Until last month, I managed a 20-unit apartment building in Lake City. A one bedroom rented for about $900 a month; a two-bedroom, $1,100. One tenant, an Ethiopian immigrant, drove a taxi. Another man from Mongolia supported a family of four as a handyman. A young man upstairs sold weed in a nearby pot shop. Without a doubt, these renters earned well below Seattle’s median income of around $50,000 a year-- taxi drivers, for example, earn about $27,000 a year.
This is affordable housing for people who need it. But because it’s market-rate, the city may not know it exists. Members of Mayor Ed Murray’s Housing Affordability and Livability Agenda briefly considered developing a strategy to gather data on market-rate affordable units, but the recommendation didn’t make the final cut. Now, Councilmember Kshama Sawant is pushing city officials to get that accounting done. If they don't, Sawant floated the idea of a Seattle City Council commissioned study.
According to Office of Housing Communications Director Todd Burley, it might not be so easy.

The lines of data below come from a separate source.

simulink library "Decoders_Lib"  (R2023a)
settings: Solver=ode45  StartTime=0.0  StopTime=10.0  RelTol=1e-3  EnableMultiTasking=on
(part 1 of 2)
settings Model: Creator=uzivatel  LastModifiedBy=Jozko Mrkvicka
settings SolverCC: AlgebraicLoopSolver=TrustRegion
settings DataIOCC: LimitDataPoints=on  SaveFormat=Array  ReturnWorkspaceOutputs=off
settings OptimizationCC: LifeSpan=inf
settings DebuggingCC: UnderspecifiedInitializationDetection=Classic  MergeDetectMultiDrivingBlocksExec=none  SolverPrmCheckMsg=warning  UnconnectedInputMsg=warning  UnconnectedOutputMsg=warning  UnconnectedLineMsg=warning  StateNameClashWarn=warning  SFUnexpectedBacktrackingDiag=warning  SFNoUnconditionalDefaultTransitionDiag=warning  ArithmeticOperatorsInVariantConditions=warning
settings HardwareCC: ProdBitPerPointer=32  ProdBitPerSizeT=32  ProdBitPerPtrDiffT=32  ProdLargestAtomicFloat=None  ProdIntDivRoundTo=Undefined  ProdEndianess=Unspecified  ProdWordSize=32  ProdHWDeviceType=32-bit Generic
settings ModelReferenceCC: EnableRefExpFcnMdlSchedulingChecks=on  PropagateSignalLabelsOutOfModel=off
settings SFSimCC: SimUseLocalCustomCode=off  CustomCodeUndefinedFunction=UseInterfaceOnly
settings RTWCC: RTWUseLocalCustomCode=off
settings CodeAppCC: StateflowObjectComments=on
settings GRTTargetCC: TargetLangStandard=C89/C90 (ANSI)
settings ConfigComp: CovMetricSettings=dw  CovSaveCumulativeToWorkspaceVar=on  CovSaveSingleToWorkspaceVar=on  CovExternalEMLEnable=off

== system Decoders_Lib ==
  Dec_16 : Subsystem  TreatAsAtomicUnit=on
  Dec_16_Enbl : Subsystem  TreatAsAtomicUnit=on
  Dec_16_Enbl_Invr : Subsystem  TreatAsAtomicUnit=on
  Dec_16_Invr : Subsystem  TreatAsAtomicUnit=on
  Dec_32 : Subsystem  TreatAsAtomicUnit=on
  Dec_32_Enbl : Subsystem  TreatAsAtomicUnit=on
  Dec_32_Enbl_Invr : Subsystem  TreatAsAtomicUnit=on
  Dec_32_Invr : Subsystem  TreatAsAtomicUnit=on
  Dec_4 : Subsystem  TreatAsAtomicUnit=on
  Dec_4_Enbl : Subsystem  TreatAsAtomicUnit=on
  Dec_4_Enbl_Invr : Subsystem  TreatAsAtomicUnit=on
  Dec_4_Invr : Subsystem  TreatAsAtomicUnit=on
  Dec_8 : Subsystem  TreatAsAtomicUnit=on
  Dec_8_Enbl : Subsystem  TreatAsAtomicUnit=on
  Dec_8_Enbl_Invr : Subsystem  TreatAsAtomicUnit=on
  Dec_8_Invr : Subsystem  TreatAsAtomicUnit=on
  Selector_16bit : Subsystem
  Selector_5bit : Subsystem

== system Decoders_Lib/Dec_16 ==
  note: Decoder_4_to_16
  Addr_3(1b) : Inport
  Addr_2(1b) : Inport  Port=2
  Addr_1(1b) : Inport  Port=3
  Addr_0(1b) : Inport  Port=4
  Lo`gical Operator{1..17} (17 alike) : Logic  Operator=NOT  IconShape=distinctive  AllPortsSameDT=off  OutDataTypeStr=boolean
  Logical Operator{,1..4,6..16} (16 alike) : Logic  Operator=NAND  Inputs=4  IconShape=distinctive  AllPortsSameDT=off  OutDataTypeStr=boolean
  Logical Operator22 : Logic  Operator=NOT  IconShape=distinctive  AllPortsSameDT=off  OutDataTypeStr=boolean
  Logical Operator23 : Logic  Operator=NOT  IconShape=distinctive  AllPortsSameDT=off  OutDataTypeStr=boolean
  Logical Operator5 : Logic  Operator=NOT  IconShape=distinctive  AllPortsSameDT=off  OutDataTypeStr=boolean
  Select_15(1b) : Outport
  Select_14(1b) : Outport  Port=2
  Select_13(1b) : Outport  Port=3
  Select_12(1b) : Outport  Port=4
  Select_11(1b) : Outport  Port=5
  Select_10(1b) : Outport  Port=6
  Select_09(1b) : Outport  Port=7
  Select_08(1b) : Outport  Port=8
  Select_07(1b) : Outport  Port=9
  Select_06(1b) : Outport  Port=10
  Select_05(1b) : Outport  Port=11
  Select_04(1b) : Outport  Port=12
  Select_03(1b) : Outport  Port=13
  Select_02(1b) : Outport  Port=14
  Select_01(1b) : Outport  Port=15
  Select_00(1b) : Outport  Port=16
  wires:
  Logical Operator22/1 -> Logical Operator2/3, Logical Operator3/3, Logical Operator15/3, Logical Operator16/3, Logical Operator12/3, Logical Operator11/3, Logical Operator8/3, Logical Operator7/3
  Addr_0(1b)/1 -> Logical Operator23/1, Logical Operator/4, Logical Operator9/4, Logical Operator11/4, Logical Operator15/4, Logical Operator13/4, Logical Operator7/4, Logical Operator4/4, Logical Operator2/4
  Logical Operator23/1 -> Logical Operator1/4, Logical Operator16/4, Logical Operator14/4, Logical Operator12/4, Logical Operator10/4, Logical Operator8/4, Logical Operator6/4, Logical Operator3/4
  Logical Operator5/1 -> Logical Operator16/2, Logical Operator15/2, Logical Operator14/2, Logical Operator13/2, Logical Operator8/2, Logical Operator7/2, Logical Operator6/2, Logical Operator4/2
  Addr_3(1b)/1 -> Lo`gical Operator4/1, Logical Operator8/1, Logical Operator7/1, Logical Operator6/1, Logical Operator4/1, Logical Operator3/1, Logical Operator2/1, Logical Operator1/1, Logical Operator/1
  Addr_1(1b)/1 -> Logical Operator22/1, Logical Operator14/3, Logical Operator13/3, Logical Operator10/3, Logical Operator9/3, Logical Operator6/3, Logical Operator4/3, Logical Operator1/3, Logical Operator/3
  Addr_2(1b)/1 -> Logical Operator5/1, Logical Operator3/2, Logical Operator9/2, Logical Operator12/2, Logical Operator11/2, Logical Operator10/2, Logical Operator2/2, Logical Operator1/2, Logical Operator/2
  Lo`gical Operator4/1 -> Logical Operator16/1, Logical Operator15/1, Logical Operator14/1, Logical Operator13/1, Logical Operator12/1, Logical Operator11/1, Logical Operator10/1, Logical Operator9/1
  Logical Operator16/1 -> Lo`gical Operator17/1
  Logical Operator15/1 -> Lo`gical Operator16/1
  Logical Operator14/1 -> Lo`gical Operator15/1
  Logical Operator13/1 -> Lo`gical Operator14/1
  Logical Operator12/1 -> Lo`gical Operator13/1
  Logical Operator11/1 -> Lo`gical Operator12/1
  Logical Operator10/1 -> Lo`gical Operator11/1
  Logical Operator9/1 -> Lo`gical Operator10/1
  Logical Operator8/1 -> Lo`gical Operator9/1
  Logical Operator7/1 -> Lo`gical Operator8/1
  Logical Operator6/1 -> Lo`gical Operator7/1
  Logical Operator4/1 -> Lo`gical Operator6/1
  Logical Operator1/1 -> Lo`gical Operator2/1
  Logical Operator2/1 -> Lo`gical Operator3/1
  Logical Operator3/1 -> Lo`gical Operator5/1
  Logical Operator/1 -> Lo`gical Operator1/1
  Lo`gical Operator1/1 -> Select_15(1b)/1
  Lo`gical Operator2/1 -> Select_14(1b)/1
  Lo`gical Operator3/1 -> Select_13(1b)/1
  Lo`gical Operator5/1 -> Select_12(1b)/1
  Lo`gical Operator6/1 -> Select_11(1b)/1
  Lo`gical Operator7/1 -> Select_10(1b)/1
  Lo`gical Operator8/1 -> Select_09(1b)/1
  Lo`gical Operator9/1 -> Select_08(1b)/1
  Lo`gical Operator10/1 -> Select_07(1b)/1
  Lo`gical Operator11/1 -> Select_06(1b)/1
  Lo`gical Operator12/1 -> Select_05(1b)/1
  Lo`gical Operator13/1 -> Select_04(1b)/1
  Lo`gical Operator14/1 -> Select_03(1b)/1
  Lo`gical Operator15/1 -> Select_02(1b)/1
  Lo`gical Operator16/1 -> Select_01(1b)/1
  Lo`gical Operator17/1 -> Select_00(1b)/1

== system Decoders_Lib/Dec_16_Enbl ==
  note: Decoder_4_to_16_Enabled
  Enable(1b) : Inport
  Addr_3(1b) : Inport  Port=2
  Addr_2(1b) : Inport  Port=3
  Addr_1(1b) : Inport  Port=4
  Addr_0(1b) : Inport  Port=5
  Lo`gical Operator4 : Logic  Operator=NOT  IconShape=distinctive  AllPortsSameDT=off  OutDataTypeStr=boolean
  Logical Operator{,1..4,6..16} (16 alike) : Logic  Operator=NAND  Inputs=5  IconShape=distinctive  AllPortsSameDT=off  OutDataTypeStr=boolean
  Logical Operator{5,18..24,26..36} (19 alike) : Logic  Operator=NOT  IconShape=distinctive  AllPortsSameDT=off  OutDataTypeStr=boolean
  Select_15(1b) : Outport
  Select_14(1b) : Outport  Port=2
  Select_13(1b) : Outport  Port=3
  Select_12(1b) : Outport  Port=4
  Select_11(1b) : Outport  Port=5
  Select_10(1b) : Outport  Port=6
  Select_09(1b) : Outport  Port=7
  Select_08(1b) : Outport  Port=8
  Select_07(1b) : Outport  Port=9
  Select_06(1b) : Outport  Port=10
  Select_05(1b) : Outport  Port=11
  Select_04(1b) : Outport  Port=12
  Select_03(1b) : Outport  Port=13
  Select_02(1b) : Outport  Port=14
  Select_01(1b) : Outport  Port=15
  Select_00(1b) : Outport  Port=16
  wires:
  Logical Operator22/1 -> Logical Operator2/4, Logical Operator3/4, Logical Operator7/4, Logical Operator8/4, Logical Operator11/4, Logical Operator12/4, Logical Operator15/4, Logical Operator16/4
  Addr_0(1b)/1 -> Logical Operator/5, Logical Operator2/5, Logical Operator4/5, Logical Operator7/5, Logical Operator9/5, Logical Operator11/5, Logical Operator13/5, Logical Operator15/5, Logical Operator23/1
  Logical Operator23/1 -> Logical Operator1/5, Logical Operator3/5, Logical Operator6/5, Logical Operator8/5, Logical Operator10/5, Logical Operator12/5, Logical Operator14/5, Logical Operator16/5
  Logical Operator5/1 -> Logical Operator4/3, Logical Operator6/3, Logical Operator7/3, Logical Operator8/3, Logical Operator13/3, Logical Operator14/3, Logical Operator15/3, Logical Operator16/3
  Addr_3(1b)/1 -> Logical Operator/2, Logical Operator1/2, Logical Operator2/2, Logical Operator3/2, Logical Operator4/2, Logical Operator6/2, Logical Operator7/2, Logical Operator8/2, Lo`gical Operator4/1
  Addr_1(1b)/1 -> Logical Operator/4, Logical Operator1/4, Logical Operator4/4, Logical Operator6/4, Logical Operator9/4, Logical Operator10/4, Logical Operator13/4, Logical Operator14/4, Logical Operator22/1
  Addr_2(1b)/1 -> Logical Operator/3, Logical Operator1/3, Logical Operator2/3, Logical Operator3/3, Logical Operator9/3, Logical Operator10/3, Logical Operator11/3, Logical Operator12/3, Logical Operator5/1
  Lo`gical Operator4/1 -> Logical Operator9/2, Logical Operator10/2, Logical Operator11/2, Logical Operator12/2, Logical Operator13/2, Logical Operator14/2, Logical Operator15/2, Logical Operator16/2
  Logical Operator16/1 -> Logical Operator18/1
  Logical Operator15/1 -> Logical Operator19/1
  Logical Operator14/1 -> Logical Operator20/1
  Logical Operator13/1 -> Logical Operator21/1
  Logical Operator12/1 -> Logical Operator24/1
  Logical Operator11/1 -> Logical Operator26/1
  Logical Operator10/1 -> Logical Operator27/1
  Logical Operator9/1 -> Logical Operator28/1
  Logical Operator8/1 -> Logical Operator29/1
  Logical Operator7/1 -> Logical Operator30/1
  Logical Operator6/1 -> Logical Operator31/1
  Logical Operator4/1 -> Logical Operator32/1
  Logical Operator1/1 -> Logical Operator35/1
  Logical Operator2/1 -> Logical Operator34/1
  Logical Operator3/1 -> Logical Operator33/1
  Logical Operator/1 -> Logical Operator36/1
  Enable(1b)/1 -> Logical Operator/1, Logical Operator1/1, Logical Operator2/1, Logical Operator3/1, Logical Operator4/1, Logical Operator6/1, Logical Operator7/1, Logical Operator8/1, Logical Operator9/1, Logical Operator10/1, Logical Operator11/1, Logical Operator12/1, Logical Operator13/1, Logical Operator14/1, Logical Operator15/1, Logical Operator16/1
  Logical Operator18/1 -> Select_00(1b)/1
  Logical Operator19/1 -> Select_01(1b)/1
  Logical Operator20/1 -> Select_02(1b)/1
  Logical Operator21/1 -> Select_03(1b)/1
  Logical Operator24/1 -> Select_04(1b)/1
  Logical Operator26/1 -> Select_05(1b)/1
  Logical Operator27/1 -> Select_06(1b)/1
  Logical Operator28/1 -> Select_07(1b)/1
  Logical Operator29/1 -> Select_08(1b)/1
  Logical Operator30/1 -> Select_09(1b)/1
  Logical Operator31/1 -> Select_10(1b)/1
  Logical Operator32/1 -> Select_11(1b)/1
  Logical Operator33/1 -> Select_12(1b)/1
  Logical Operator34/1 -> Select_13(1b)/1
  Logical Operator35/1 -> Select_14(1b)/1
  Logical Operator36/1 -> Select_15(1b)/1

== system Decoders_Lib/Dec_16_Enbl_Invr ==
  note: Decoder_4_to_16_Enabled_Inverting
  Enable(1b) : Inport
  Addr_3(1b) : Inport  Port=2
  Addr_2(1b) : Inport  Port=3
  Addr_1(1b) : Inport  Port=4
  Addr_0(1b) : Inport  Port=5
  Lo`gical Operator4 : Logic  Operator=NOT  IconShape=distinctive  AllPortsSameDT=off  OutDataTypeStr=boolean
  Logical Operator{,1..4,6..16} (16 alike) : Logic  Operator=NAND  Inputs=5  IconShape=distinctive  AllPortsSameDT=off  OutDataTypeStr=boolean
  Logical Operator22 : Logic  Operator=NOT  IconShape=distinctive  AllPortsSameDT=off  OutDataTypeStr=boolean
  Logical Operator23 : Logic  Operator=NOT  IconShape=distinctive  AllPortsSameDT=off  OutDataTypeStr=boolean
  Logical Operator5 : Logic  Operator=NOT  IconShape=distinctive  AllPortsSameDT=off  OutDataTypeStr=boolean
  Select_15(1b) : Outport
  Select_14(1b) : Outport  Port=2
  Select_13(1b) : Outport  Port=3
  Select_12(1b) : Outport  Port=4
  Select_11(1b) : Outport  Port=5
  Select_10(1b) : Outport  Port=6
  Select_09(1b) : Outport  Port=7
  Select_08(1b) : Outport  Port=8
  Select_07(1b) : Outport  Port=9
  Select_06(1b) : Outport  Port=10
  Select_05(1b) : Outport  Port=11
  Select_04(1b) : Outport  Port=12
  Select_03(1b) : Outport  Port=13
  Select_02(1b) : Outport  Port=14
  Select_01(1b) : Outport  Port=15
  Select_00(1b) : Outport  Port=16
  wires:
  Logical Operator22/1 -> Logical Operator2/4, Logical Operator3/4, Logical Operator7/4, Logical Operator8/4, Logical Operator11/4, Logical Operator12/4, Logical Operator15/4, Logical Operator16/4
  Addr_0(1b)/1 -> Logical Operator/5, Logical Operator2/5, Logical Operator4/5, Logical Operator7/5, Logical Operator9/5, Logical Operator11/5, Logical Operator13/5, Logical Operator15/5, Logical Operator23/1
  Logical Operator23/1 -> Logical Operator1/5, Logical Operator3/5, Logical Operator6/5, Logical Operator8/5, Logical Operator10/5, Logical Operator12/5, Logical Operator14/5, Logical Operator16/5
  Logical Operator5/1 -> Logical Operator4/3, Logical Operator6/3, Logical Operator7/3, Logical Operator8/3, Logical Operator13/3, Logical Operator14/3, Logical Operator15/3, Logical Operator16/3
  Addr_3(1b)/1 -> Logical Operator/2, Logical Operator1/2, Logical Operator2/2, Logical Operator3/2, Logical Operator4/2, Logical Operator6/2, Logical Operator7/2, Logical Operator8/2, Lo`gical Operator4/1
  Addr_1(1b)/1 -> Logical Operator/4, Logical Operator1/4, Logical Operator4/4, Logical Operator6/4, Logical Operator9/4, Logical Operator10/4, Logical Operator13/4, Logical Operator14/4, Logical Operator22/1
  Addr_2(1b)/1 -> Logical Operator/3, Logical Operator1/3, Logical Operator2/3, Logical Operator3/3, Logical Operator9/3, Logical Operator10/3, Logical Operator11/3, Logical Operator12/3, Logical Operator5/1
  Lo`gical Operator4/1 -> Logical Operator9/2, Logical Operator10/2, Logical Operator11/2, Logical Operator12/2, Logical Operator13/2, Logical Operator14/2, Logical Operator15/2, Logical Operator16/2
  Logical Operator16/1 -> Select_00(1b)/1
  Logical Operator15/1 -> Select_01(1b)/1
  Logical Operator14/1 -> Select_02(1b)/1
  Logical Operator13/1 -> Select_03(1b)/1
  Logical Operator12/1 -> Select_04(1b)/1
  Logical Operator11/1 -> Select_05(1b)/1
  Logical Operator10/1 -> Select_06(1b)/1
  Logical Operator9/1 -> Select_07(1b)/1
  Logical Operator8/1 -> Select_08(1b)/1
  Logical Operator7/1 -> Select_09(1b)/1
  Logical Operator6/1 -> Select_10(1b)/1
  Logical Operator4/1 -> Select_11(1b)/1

By the standards of the city’s Office of Housing, the units in this Lake City building are affordable to individuals earning less than $37,000 a year. But the rents are not subsidized or restricted. Simply, the building was built in the sixties and lacks a certain, shall we say, charm. The market does not yet justify a $1,500 rent for this motel turned apartment complex. This is not uncommon; buildings from the sixties and seventies tend to be Seattle’s most affordable.